Я все рассматривал ржавый серп — шрам — на кивающей бритой голове Майера, а вопрос, который я задал ему, продолжал безостановочно крутиться у меня в мозгу, превращаясь в полную абракадабру. И вдруг я подумал, что все в общем-то происходит с точностью до наоборот. История, то бишь современность, то бишь действительность, как раз никуда не девается. За прошедшие десятилетия она, напротив, стала обозримее. Информационная техника раскрыла целые континенты. Они предстали наглядно, как на географической карте, а память безостановочно чертит эту карту с нуля. Я подумал, что все на свете, каким бы жалким, или нелепым, или безумным оно ни было, неотвязно кричит, требуя, чтобы его услышали, чтобы его поняли. И весь мир, вся жизнь — в голове, прямо-таки в беспардонной близости и сверхрезкости, ее можно поймать в кадр. Но что с этим делать дальше, неизвестно, такова оборотная сторона медали. И точно так же неизвестно, что делать с миром и что миру делать с нами.

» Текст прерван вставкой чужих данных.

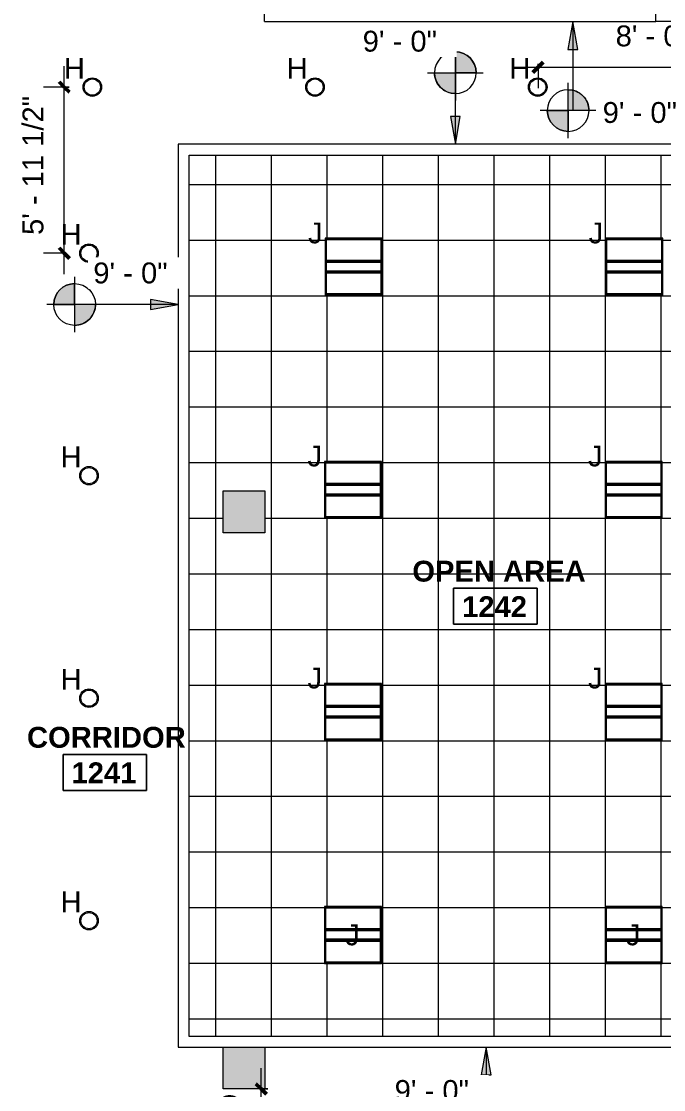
# Model space of a CAD drawing. Header units: inches. Extents: x -329 to 986, y -79 to 1436.
# Drawn here: x -80.6 to 196.3, y 457.2 to 918.1 of the extents above; entities that cross this region are included whole.
import ezdxf

# ---------------------------------------------------------------- set-up
doc = ezdxf.new("R2010")
doc.units = ezdxf.units.IN
doc.header["$MEASUREMENT"] = 0
for name, color, linetype, lineweight in [('A-ANNO-DIMS', 211, 'Continuous', 9), ('A-ANNO-DIMS-96', 211, 'Continuous', 9), ('A-AREA-IDEN', 2, 'Continuous', 9), ('A-CLNG', 13, 'Continuous', 13), ('A-CLNG-PATT', 13, 'Continuous', 13), ('A-WALL', 113, 'Continuous', 13), ('E-LITE-EQPM', 33, 'Continuous', 9), ('E-LITE-EQPM-IDEN', 33, 'Continuous', 9), ('G-ANNO-DIMS', 111, 'Continuous', 9), ('S-COLS', 52, 'Continuous', 13)]:
    doc.layers.add(name, color=color, linetype=linetype, lineweight=lineweight)
doc.styles.add('Arial', font='arial.ttf', dxfattribs={"height": 8.999999999999991})
doc.styles.add('Swis721 Lt BT', font='swissl.ttf', dxfattribs={"height": 8.999999999999998})
doc.styles.add('Swis721 Lt BT_B', font='', dxfattribs={"height": 8.999999999999991})
doc.styles.get('Swis721 Lt BT_B').set_extended_font_data('Swis721 Lt BT', bold=True)
doc.dimstyles.new('OTJ_-_3_32__Linear__1_2__Tolerance', dxfattribs={"dimscale": 12, "dimtxt": 9.49783549252963, "dimasz": 0.375, "dimexe": 0.75, "dimexo": 0.5000000000000001, "dimgap": 0.5, "dimtad": 1, "dimdec": 1, "dimrnd": 0.5, "dimzin": 3, "dimdsep": 46, "dimlunit": 4, "dimtxsty": 'Swis721 Lt BT', "dimblk1": 'OBLIQUE', "dimblk2": 'OBLIQUE', "dimsah": 1, "dimcen": 0.09, "dimdle": 0.75, "dimazin": 0, "dimtfac": 1, "dimtdec": 4, "dimtix": 1, "dimtmove": 0, "dimatfit": 3, "dimfxl": 1, "dimtvp": 1, "dimfrac": 2, "dimtolj": 1, "dimtzin": 0, "dimarcsym": 2})

# ---------------------------------------------------------------- blocks, each defined once
blk = doc.blocks.new('Concrete-Square-Column - 18 x 18-6977650-Level 12  RCP')
at = {"layer": 'S-COLS', "lineweight": 9}
blk.add_hatch(color=7, dxfattribs=at).paths.add_polyline_path([(9.00000000000034, -8.999999999999146), (9.00000000000034, 9.000000000001021), (-8.999999999999828, 9.000000000001021), (-8.999999999999828, -8.999999999999146), (-1.358233555763036, -8.999999999999146)], flags=0)
at = {"layer": 'S-COLS', "color": 8, "lineweight": 20}
for p, q in [((-9.000000000000004, 8.999999999999998), (8.999999999999991, 8.999999999999998)), ((-9.000000000000004, -8.999999999999996), (-9.000000000000004, 8.999999999999998)), ((8.999999999999991, 8.999999999999998), (8.999999999999991, -8.999999999999996)), ((8.999999999999991, -8.999999999999996), (-9.000000000000004, -8.999999999999996))]:
    blk.add_line(p, q, dxfattribs=at)
blk = doc.blocks.new('L-Recessed-Axis-Plano - 2 X 2-4550865-Level 12  RCP')
at = {"layer": 'E-LITE-EQPM'}
for p, q in [((11.90625000000024, 11.87499999999966), (-11.90624999999975, 11.87499999999966)), ((-11.90624999999975, 11.87499999999966), (-11.90624999999975, -11.87500000000033)), ((-11.87499999999975, -11.56250000000099), (-11.87499999999975, 11.56249999999901)), ((-11.87499999999975, 11.56249999999901), (11.87500000000024, 11.56249999999901)), ((11.87500000000024, 11.56249999999901), (11.87500000000024, -11.56250000000099)), ((11.90625000000024, -11.87500000000033), (11.90625000000024, 11.87499999999966)), ((-11.87499999999974, 2.737406249999669), (11.87500000000024, 2.737406249999669)), ((11.87500000000024, 2.506846065747282), (-11.87499999999974, 2.506846065747282)), ((-11.87499999999974, 2.304862327499548), (11.87500000000024, 2.304862327499548)), ((-11.87499999999974, 2.200850357448503), (11.87500000000023, 2.200850357448503)), ((-11.87499999999975, 1.825572752108576), (11.87500000000023, 1.825572752108576)), ((-11.87499999999975, -1.82557275210924), (11.87500000000023, -1.82557275210924)), ((-11.87499999999974, -2.200850357449164), (11.87500000000023, -2.200850357449164)), ((-11.87499999999974, -2.30486232750021), (11.87500000000024, -2.30486232750021)), ((-11.87499999999974, -2.506846065747483), (11.87500000000024, -2.506846065747483)), ((-11.87499999999974, -2.737406250000332), (11.87500000000024, -2.737406250000332)), ((-11.90624999999975, -11.87500000000033), (11.90625000000024, -11.87500000000033)), ((11.87500000000024, -11.56250000000099), (-11.87499999999975, -11.56250000000099))]:
    blk.add_line(p, q, dxfattribs=at)
blk = doc.blocks.new('L-PENDANT_FOCAL POINT 3_5 CYLINDER - L-PENDANT_FOCAL POINT 3_5 CYLINDER-8597710-Level 12  RCP')
at = {"layer": 'E-LITE-EQPM'}
for radius in [4.000000000000003, 3.500000000000002]:
    blk.add_circle((-0.1249999999999774, 0), radius, dxfattribs=at)
blk = doc.blocks.new('Spot Elevations - Spot Elevation - Target Filled-49714-Level 12  RCP')
at = {"layer": 'G-ANNO-DIMS'}
h = blk.add_hatch(color=256, dxfattribs=at)
edge = h.paths.add_edge_path(flags=0)
edge.add_line((1.249000902703301e-16, 0), (-0.09374999999999985, 0))
edge.add_arc((4.891920202254595e-16, -2.60208521396521e-16), 0.09375000000000024, 90.00000000000063, 180.0000000000003, ccw=False)
edge.add_line((1.249000902703301e-16, 0.09375000000000007), (1.249000902703301e-16, 0))
h = blk.add_hatch(color=256, dxfattribs=at)
edge = h.paths.add_edge_path(flags=0)
edge.add_line((1.249000902703301e-16, 0), (0.09375000000000029, 0))
edge.add_arc((2.289834988289385e-16, 6.245004513516504e-17), 0.09374999999999996, 269.99999999999955, 359.99999999999966, ccw=False)
edge.add_line((1.249000902703301e-16, -0.09375), (1.249000902703301e-16, 0))
for p, q in [((-2.706168622523819e-16, 0.1243846875261664), (-2.706168622523819e-16, -0.125)), ((1.249000902703301e-16, 0), (1.249000902703301e-16, 0.09375000000000007)), ((0.1250000000000001, 7.067913962433002e-16), (-0.1249999999999998, 7.067913962433002e-16)), ((-0.09374999999999985, 0), (1.249000902703301e-16, 0)), ((1.249000902703301e-16, 0), (1.249000902703301e-16, -0.09375)), ((0.09375000000000029, 0), (1.249000902703301e-16, 0))]:
    blk.add_line(p, q, dxfattribs=at)
blk.add_circle((1.249000902703301e-16, 0), 0.09375000000000007, dxfattribs=at)
for centre, radius, start, end in [((4.891920202254595e-16, -2.60208521396521e-16), 0.09375000000000024, 90.0000000000002, 179.9999999999999), ((2.289834988289385e-16, 6.245004513516504e-17), 0.09374999999999996, 269.9999999999992, 359.9999999999993)]:
    blk.add_arc(centre, radius, start, end, dxfattribs=at)
blk = doc.blocks.new('Room Tag - Room Name and Number-3379422-Level 12  RCP')
at = {"layer": 'A-AREA-IDEN'}
for p, q in [((-0.1880646717928032, -0.1635729993857746), (-0.1880646717928032, -0.001823739990654245)), ((-0.1880646717928032, -0.001823739990654244), (0.1869353282071967, -0.001823739990654244)), ((0.1869353282071967, -0.001823739990655456), (-0.1880646717928029, -0.001823739990654244)), ((-0.1880646717928029, -0.001823739990654251), (-0.1880646717928032, -0.1635729993857734)), ((0.1869353282071967, -0.001823739990654244), (0.1869353282071967, -0.1635729993857746)), ((0.1869353282071964, -0.1635729993857746), (0.1869353282071967, -0.001823739990655458)), ((0.1869353282071967, -0.1635729993857746), (-0.1880646717928032, -0.1635729993857746)), ((-0.1880646717928032, -0.1635729993857734), (0.1869353282071964, -0.1635729993857746))]:
    blk.add_line(p, q, dxfattribs=at)
blk = doc.blocks.new('DIMBLOCK5-Level 12  RCP')
at = {"layer": 'A-ANNO-DIMS-96'}
for p, q in [((22.79534286071425, 434.1113008635234), (22.79534286071425, 466.5341135076521)), ((25.61336234537478, 457.5341135076521), (13.79534286071425, 457.5341135076521)), ((22.79534286071425, 457.5341135076521), (25.61336234537478, 457.5341135076521)), ((34.57754615973055, 434.1113008635234), (13.79534286071425, 434.1113008635234)), ((22.79534286071425, 434.1113008635234), (34.57754615973055, 434.1113008635234))]:
    blk.add_line(p, q, dxfattribs=at)
at = {"layer": 'A-ANNO-DIMS-96', "lineweight": 50}
for p, q in [((22.79534286071425, 457.5341135076521), (20.54534286071425, 459.7841135076521)), ((22.79534286071425, 457.5341135076521), (25.04534286071425, 455.2841135076521)), ((22.79534286071425, 434.1113008635234), (20.54534286071425, 436.3613008635234)), ((22.79534286071425, 434.1113008635234), (25.04534286071425, 431.8613008635234))]:
    blk.add_line(p, q, dxfattribs=at)
at = {"layer": 'A-ANNO-DIMS-96', "color": 0, "insert": (4.78015699006992, 437.3048071010174), "char_height": 8.999999999999998, "width": 20.44296020296854, "attachment_point": 1, "rotation": 90, "line_spacing_factor": 1.005061956881442, "style": 'Swis721 Lt BT'}
blk.add_mtext('EQ', dxfattribs=at)
blk = doc.blocks.new('_Oblique')
at = {"color": 0, "linetype": 'ByBlock', "lineweight": -2}
blk.add_line((-0.5, -0.5), (0.5, 0.5), dxfattribs=at)
blk = doc.blocks.new('DIMBLOCK10-Level 12  RCP')
at = {"layer": 'A-ANNO-DIMS-96'}
for p, q in [((-62.06029350877338, 809.1113008635234), (-62.06029350877338, 898.7841135076517)), ((-59.98495384026832, 889.7841135076517), (-71.06029350877337, 889.7841135076517)), ((-62.06029350877338, 889.7841135076518), (-59.98495384026832, 889.7841135076518)), ((-61.42245384026886, 818.1113008635234), (-71.06029350877337, 818.1113008635234)), ((-62.06029350877338, 818.1113008635234), (-61.42245384026886, 818.1113008635234))]:
    blk.add_line(p, q, dxfattribs=at)
at = {"layer": 'A-ANNO-DIMS-96', "lineweight": 50}
for p, q in [((-62.06029350877338, 889.7841135076517), (-64.31029350877337, 892.0341135076517)), ((-62.06029350877338, 889.7841135076517), (-59.81029350877338, 887.5341135076517)), ((-62.06029350877338, 818.1113008635234), (-64.31029350877337, 820.3613008635234)), ((-62.06029350877338, 818.1113008635234), (-59.81029350877338, 815.8613008635234))]:
    blk.add_line(p, q, dxfattribs=at)
at = {"layer": 'A-ANNO-DIMS-96', "color": 0, "insert": (-80.0754793794177, 825.9818582353613), "char_height": 8.999999999999998, "width": 67.11803748054271, "attachment_point": 1, "rotation": 90, "line_spacing_factor": 1.005061956881442, "style": 'Swis721 Lt BT'}
blk.add_mtext('5\' - 11 1/2"', dxfattribs=at)
blk = doc.blocks.new('DIMBLOCK11-Level 12  RCP')
at = {"layer": 'A-ANNO-DIMS-96', "lineweight": 50}
for p, q in [((142.1400461597316, 898.3563277257736), (144.3900461597316, 900.6063277257736)), ((238.1400461597316, 898.3563277257736), (240.3900461597316, 900.6063277257736)), ((142.1400461597316, 898.3563277257736), (139.8900461597316, 896.1063277257736)), ((238.1400461597316, 898.3563277257736), (235.8900461597316, 896.1063277257736))]:
    blk.add_line(p, q, dxfattribs=at)
at = {"layer": 'A-ANNO-DIMS-96'}
for p, q in [((142.1400461597316, 899.7841135076519), (142.1400461597316, 889.3563277257736)), ((142.1400461597316, 898.3563277257736), (142.1400461597316, 899.7841135076519)), ((238.1400461597316, 899.7841135076519), (238.1400461597316, 889.3563277257736)), ((238.1400461597316, 898.3563277257736), (238.1400461597316, 899.7841135076519)), ((133.1400461597316, 898.3563277257736), (247.1400461597316, 898.3563277257736))]:
    blk.add_line(p, q, dxfattribs=at)
at = {"layer": 'A-ANNO-DIMS-96', "color": 0, "insert": (175.5917743338727, 916.3715135964179), "char_height": 8.999999999999998, "width": 34.9158523820613, "attachment_point": 1, "line_spacing_factor": 1.005061956881442, "style": 'Swis721 Lt BT'}
blk.add_mtext('8\' - 0"', dxfattribs=at)

msp = doc.modelspace()

# ---------------------------------------------------------------- hatches: boundary and pattern name
at = {"layer": 'A-CLNG-PATT'}
h = msp.add_hatch(dxfattribs=at)
h.set_pattern_fill('FP1_24', color=256, style=0, pattern_type=2)
h.set_pattern_definition([(0, (147.234, 679.76), (0, -24), []), (270, (147.234, 679.76), (-24, -1.469576158976824e-15), [])])
h.paths.add_polyline_path([(-8.297453840268558, 480.1805772189674), (260.0775461597316, 480.1805772189674), (260.0775461597316, 697.5341135076519), (246.390046159732, 697.5341135076521), (246.390046159732, 715.5341135076521), (260.0775461597316, 715.5341135076521), (260.0775461597319, 860.4716135076529), (-8.297453840268473, 860.4716135076529), (-8.297453840268558, 535.4782363904382)], flags=0)
h.paths.add_polyline_path([(171.0250929044387, 511.6200975735744), (171.0250929044388, 536.1825975735745), (195.6500929044389, 536.1825975735745), (195.6500929044388, 511.6200975735744)], flags=0)
h.paths.add_polyline_path([(74.70254615973242, 511.6200975735747), (50.0775461597324, 511.6200975735747), (50.07754615973257, 536.1825975735749), (74.70254615973259, 536.1825975735749), (74.70254615973259, 535.4782363904382)], flags=0)
h.paths.add_polyline_path([(258.2665225376457, 550.4501240063393), (258.4677003433243, 550.2167528678791), (258.3796199419838, 550.1614082835764), (258.3446324150746, 550.1863439813101), (258.3344586335673, 550.2207012281655)], flags=0)
h.paths.add_polyline_path([(258.3452626951286, 549.1152873054285), (258.3796199419838, 549.017099935057), (258.4677003433243, 548.9617553507543), (258.4677003433243, 548.9928496572327), (258.3492110554147, 549.1113389451425)], flags=0)
h.paths.add_polyline_path([(258.8964437974881, 550.4501240063393), (258.6562749647634, 550.0982635799697), (258.6009303804605, 550.1863439813101), (258.3452626951286, 550.3823828445733), (258.2665225376457, 550.4501240063393), (258.3452626951286, 549.9057405982443), (258.360858149002, 549.1308827593018), (258.5027430100891, 549.2727676203891), (258.6446278711761, 549.0996918515543), (258.5710711579814, 548.9734024443416), (258.8929426433829, 549.0802446386637), (258.6562749647634, 549.6259818423232), (258.6961670891656, 550.0982635799697), (258.7636104353778, 550.2167528678791)], flags=0)
h.paths.add_polyline_path([(257.6958163292206, 538.5370276601899), (257.3610107266219, 538.7298255291207), (257.4003808053623, 568.3610727533951), (257.6958163292206, 568.5311993551135), (258.069672143945, 568.1825445006671), (258.069672143945, 566.8960018559563), (258.8964437974882, 557.9960557648694), (258.8950439070165, 548.6644863904382), (258.069672143945, 540.148286735998), (258.0303020652048, 538.8489663033802)], flags=0)
h.paths.add_polyline_path([(258.6446278711761, 549.0469591575361), (258.6602233250497, 549.1490450477945), (258.7881760688793, 549.0613313640475), (258.6526146905878, 549.047758806851)], flags=0)
h.paths.add_polyline_path([(258.6602233250497, 549.5909391755582), (258.5027430100891, 549.4334588605976), (258.360858149002, 549.6065346294318), (258.5027430100891, 549.7484194905188), (258.6562749647634, 549.5948875358446)], flags=0)
h.paths.add_polyline_path([(258.8964437974881, 549.0721712504337), (258.6446278711761, 549.183615453321), (258.6761799694331, 549.5558965087935), (258.8927675879742, 549.0802446386637)], flags=0)
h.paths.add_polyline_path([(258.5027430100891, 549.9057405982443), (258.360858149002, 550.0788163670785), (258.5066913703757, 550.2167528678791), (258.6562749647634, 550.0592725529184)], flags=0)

Некий воздушный шар раздувается под черепной коробкой, мы называем его землей. Я вдруг поймал себя на этой мысли, придирчиво разглядывая рану на бритой голове Кевина, нагноившееся утолщение, разрыв обычно безупречной линии чуба в том месте, где череп закругляется над ухом. Я вдруг представил себе огромный, наполненный газом глобус, сплошь покрытый копошащимися насекомыми, которые в паническом возбуждении пускаются в бегство, ищут выход, сшибают друг друга с пути, снова и снова описывают круги на поверхности, а шар поднимается выше и выше. «Мы сорвались с привязи, — произнес я наконец совсем тихо, но вслух, — вот оно что. Происходит какая-то путаница. У нас из-под ног уходит почва старой планеты, нас уносит прочь, нас едва удерживает сила притяжения. Мы еще вращаемся по орбите спутника, достаточно близко, чтобы воображать, будто принадлежим к миру, но уже достаточно далеко, чтобы не вмешиваться во внутренние дела мира. И пока мы, описывая круги, отдаляемся от земли, зуд будет нарастать, кожа все больше натягиваться, и все сильнее, все неотступнее будет желание, потребность что-то разбить, кого-то избить».